| SUPPLIED DATA |

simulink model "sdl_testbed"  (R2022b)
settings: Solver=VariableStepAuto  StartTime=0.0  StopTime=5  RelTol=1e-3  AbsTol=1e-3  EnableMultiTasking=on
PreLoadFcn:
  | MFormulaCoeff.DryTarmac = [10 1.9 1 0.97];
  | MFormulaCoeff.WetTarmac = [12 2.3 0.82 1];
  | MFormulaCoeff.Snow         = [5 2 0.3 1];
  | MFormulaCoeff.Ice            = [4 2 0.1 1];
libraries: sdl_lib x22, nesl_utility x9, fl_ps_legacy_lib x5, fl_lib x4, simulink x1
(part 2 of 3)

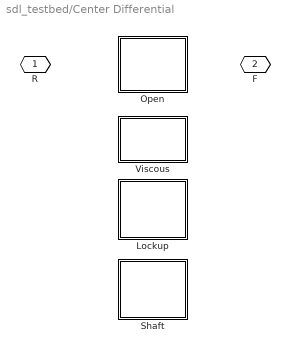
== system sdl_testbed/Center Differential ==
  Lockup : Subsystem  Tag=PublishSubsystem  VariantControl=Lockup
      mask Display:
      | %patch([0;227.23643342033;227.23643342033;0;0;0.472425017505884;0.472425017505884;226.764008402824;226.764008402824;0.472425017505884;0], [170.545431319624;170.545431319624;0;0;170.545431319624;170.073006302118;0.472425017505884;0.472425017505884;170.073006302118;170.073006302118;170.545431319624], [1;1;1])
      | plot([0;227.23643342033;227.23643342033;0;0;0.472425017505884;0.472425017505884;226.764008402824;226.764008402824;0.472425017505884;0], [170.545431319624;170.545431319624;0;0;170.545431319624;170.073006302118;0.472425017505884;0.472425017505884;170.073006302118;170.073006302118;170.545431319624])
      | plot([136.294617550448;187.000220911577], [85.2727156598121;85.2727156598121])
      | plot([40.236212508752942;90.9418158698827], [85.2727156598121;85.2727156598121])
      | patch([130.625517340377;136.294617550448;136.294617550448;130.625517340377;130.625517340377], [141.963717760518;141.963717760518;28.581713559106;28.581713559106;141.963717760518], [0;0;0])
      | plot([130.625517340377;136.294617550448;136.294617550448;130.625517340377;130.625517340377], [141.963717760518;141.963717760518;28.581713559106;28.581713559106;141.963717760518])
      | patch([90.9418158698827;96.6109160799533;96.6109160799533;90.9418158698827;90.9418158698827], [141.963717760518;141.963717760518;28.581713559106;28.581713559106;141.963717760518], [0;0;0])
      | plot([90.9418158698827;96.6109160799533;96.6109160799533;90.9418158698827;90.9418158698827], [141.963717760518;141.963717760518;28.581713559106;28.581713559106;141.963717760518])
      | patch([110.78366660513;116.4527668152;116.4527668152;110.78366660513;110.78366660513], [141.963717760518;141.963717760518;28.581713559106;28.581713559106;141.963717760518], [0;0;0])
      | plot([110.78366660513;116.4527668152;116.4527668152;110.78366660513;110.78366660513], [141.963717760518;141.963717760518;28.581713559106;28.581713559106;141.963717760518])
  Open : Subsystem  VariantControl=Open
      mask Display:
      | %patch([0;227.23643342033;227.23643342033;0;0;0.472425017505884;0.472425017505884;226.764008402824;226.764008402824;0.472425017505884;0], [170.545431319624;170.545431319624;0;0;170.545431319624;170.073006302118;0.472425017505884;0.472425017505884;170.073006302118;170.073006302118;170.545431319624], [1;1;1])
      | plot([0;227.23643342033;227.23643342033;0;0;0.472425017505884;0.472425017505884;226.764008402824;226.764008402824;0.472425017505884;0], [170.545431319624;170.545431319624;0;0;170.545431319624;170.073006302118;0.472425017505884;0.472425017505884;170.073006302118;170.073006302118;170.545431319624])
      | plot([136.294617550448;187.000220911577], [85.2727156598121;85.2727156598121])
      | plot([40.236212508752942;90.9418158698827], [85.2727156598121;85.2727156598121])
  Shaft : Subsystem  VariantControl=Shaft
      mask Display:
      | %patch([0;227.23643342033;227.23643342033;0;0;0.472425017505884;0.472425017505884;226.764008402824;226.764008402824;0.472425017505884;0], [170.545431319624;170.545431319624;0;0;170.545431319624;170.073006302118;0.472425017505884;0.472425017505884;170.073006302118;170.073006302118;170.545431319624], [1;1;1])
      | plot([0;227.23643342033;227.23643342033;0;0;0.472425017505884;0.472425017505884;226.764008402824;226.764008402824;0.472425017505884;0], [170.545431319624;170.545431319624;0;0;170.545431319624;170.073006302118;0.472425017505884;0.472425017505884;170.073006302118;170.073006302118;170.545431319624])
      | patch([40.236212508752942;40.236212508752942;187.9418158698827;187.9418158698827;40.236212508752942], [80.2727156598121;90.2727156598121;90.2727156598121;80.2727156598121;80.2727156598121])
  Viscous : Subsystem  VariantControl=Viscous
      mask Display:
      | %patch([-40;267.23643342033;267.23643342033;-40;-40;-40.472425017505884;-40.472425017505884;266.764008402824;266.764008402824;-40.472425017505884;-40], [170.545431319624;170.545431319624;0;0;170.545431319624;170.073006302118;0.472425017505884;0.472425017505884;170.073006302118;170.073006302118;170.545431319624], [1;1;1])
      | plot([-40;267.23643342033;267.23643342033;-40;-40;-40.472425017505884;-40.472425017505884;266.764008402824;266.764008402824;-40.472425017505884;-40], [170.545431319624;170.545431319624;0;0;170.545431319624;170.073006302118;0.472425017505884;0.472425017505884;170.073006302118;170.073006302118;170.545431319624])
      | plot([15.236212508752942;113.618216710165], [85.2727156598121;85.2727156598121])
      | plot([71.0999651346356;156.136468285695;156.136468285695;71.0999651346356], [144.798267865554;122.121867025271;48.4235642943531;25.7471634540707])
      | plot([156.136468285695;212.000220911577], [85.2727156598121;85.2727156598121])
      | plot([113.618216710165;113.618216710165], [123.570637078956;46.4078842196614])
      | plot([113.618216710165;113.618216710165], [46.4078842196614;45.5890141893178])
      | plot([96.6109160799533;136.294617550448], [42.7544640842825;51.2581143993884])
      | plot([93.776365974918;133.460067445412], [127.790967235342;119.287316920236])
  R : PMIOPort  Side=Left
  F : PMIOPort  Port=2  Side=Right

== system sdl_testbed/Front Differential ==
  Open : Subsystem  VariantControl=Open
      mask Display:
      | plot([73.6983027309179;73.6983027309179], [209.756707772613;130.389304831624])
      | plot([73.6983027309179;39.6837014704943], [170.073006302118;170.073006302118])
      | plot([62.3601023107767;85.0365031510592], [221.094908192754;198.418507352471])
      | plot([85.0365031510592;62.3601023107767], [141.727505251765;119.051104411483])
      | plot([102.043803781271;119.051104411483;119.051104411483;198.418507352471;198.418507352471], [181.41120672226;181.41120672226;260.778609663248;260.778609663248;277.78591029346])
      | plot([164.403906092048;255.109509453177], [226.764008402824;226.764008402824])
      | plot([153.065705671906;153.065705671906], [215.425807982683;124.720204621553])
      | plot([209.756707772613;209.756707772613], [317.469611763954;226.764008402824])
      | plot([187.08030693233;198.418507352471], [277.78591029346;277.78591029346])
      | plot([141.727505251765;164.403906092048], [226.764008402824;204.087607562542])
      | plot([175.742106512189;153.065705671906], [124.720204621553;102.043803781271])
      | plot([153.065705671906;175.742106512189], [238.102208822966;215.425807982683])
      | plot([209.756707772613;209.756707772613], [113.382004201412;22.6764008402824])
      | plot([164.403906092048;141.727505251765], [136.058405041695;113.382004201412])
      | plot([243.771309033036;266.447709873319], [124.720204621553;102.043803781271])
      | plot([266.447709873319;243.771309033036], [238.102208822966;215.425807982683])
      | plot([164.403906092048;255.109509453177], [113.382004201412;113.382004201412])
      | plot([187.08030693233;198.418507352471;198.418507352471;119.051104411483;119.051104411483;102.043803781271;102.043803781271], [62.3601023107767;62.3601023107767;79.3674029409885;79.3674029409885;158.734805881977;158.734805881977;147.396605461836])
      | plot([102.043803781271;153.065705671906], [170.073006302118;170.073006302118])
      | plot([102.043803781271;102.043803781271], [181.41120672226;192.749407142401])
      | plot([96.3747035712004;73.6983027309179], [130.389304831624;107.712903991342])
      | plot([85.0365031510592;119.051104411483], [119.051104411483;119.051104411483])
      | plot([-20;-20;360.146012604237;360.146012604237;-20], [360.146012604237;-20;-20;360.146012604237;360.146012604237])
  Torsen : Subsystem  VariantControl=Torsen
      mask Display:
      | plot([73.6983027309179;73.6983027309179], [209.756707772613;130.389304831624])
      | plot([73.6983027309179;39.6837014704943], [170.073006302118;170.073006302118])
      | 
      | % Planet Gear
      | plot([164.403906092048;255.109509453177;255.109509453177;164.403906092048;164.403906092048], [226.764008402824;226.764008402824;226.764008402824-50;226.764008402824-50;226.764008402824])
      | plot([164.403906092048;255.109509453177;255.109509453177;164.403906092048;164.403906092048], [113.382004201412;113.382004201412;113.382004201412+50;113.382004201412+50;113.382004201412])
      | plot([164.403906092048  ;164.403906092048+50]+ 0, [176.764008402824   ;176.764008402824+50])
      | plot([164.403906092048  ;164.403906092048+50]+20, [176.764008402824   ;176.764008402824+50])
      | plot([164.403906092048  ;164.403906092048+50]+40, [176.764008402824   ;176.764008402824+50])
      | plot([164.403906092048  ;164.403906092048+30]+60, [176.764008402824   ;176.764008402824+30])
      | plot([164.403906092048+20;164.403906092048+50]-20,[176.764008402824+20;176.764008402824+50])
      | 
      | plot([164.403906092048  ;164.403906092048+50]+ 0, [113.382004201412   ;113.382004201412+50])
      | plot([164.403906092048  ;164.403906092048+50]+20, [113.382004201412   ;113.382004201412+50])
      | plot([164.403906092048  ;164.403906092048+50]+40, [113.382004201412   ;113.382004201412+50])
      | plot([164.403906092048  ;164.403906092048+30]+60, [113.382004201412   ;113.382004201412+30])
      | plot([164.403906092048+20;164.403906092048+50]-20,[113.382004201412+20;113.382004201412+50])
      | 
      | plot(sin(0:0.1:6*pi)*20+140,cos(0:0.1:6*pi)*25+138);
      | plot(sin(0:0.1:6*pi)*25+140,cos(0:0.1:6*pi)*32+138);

| AIM OF THE TASK |
Exactly as written, reproduce the lines of the data above from the first line through the line where "(part 2 of 3)" appears.

| SOLUTION TO THIS PROBLEM |
simulink model "sdl_testbed"  (R2022b)
settings: Solver=VariableStepAuto  StartTime=0.0  StopTime=5  RelTol=1e-3  AbsTol=1e-3  EnableMultiTasking=on
PreLoadFcn:
  | MFormulaCoeff.DryTarmac = [10 1.9 1 0.97];
  | MFormulaCoeff.WetTarmac = [12 2.3 0.82 1];
  | MFormulaCoeff.Snow         = [5 2 0.3 1];
  | MFormulaCoeff.Ice            = [4 2 0.1 1];
libraries: sdl_lib x22, nesl_utility x9, fl_ps_legacy_lib x5, fl_lib x4, simulink x1
(part 2 of 3)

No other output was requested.